The patient continued to have symptoms to a lesser degree. A thalium 201 stress test showed ischemia of the inferior wall. Twelve months after the first angioplasty, the patient underwent a coronary angiogram which showed an excellent result at the left anterior descending artery and an open right coronary artery with a focal stenosis at the location of the unexpanded stent (Figure 2A). The distal artery was patent, with stenoses of 75% and 90%.
The patient was given abciximab and rotational atherectomy was performed with a 1.75 mm burr at 150,000 to 155,000 revolutions per minute. The stenosis was crossed after a total duration of rotational ablation of 180 seconds, with maximum duration of each advancement in a “pecking” motion of less then 18 seconds (Figure 2B). The patient experienced no pain, no arrhythmias and no signs of no-reflow. The stenosis was dilated with a Quantum 3 x 8 mm balloon (Boston Scientific) at 18 atmospheres. An intracoronary ultrasound examination showed only two or three stent struts and the presence of a 2,000 arc of calcium at the site of the stenosis (Figure 3). A 3.5 x 18 mm Taxus drug-eluting stent was deployed (Boston Scientific) at 12 atmospheres, with only mild underexpansion (Figure 2C). Additional angioplasty was performed at the distal part of the vessel. The patient’s CK and troponin remained in the normal range, and he was discharged on aspirin and clopidogrel.

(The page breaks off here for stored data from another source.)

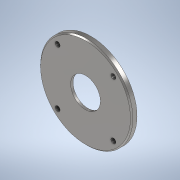
# Autodesk Inventor part: МПСТ Крышка подшипника с отверстием 110
Saved by Autodesk Inventor 2022.1 (Build 261234020, 234B)
## iProperties
Created: 2021-12-16
Part Number: МПСТ Крышка подшипника с отверстием 110
Material: Сталь, углеродистая
Document SubType Name: Modeling
Designer: Алексанян Г.
Density: 7.85 g/cm^3
Appearance: С умеренной полировкой
Author: Алексанян Г.
Autodesk Inventor part; units mm, degrees
ref_plane "YZ Plane" through (0, 0, 0) normal (1, 0, 0) x (0, 1, 0)
ref_plane "XZ Plane" through (0, 0, 0) normal (0, 1, 0) x (-1, 0, 0)
ref_plane "XY Plane" through (0, 0, 0) normal (0, 0, 1) x (1, 0, 0)
sketch "Эскиз1" plane through (0, 0, 0) normal (0, 1, 0) x (-1, 0, 0)
  line L0 (0, 0) -> (77.5, 0)
  line L1 (77.5, 0) -> (77.5, -9)
  line L2 (77.5, -9) -> (55, -9)
  line L3 (55, -9) -> (55, -15)
  line L4 (0, -4) -> (0, 0)
  line L5 (55, -15) -> (45, -15)
  line L6 (45, -15) -> (45, -4)
  line L7 (45, -4) -> (0, -4)
  dimension "d0" = 155
  dimension "d1" = 110
  dimension "d3" = 9
  dimension "d5" = 15
  dimension "d6" = 90
  dimension "d7" = 4
  constraints: 17 end point, 5 perpendicular, 2 horizontal, 1 vertical
  measures "d0" diameter of L1 L4
  measures "d1" diameter of L3 L4
  measures "d3" distance between parallel lines of L0 L2
  measures "d5" distance between parallel lines of L0 L5
  measures "d6" diameter of L6 L4
  measures "d7" distance between parallel lines of L0 L7
revolve "Вращение1" add sketch "Эскиз1" angle 360 about axis through (0, 0, -4) along (0, 0, 1)
sketch "Эскиз3" plane through (0, 0, 0) normal (0, 0, 1) x (1, 0, 0)
  circle A0 centre (0, 0) radius 66.25 construction
  line L0 (0, 0) -> (-70.023, -70.023) construction
  line L1 (0, 0) -> (99.0274, 0) construction
  point P0 (0, 0)
  point P1 (-46.8458, -46.8458)
  point P2 (46.8458, -46.8458)
  point P3 (46.8458, 46.8458)
  point P4 (-46.8458, 46.8458)
  dimension "d15" = 132.5
  dimension "d16" = 135
  dimension "d19" = 360
  constraints: 4 end point, 1 coincident, 1 equal length, 1 horizontal, 1 point on line, 8 other
  measures "d16" angle of L0 L1
hole "Отверстие1" at (-46.8458, -46.8458, 0) at (46.8458, -46.8458, 0) at (46.8458, 46.8458, 0) at (-46.8458, 46.8458, 0) direction (0, 0, -1) diameter 8.376 end through all thread size "M10x1.5" class "6H" standard "ISO Metric profile"
chamfer "Фаска1" distance 2 angle 45 2 edges at (55, 0, -15) (77.5, 0, 0)
sketch "Эскиз4" plane through (0, 0, 0) normal (0, 0, 1) x (1, 0, 0)
  circle A0 centre (0, 0) radius 77.5 projected
  point P0 (0, 0)
  constraints: 1 coincident
hole "Отверстие2" at (0, 0, 0) direction (0, 0, -1) diameter 50 end through all

Discussion. Severe stent underexpansion is a problem that can usually be solved with high-pressure balloon dilatation. Occasionally, this is not sufficient and one is left with a severely underexpanded segment of the stent. Depending on the selection of patients, even with direct stenting, severe focal stent underexpansion is a rare event.1 This, and even lesser degrees of underexpansion are associated with subacute occlusion and restenosis.
Limited strut ablation has been used to provide access to jailed side branches,4–8 but rotational atherectomy has only recently been used to perform lengthwise ablation on the stent struts and constraining wall. The reported experience for this type of procedure is very small;1–3 most of the experience is related to the use of rotational atherectomy to ablate the hyperplastic tissue of in-stent restenosis, with no intention to reach the stent struts.9
The use of rotational atherectomy to ablate the struts of a polymer-covered drug-eluting stent has not been reported, though it is of obvious relevance in the current era and may involve special considerations. A recent editorial10 outlined the problems encountered from extensive ablation of stent struts, which include heat generation, particle embolization, platelet activation, and potentially, rotablator burr trapping distal to the stenosis. For this case, we selected a medium-sized burr and gently advanced to avoid the potential danger of burr trapping distal to the stenosis, as is described when small-sized burrs are used in undilatable severe stenoses.11 The technique of a “pecking” type of short duration, forward burr advancement that we performed may reduce heat generation and the number of particles per unit time. The particle size generated is not known, but in our case, there was no evidence of significant distal embolization in terms of pain or enzyme elevation. In an in vitro study of stent ablation, the particle size of slotted stents was less then 1.7 mm,12 but the type and size of particles of polymer-covered stents is not known. The patient was given abciximab prior to the procedure in order to minimize the platelet effect.13
We avoided ablation of the stent during the initial angioplasty procedure because we were concerned about the effects of ablation on the local release of the drug, exposure of the polymer cover, and additional platelet activation that occurs in a two-vessel angioplasty procedure. Ablation of the Cypher stent proved to be safe, at least at a later date. Despite the presence of severe stent underexpansion, but apparently good apposition of the struts to the vessel wall after such a high deployment pressure, it is impressive that no occlusion or significant hyperplastic response occurred.
In conclusion, this case demonstrates the feasibility and apparent safety of “stentablation” in a drug-eluting stent late after its implantation.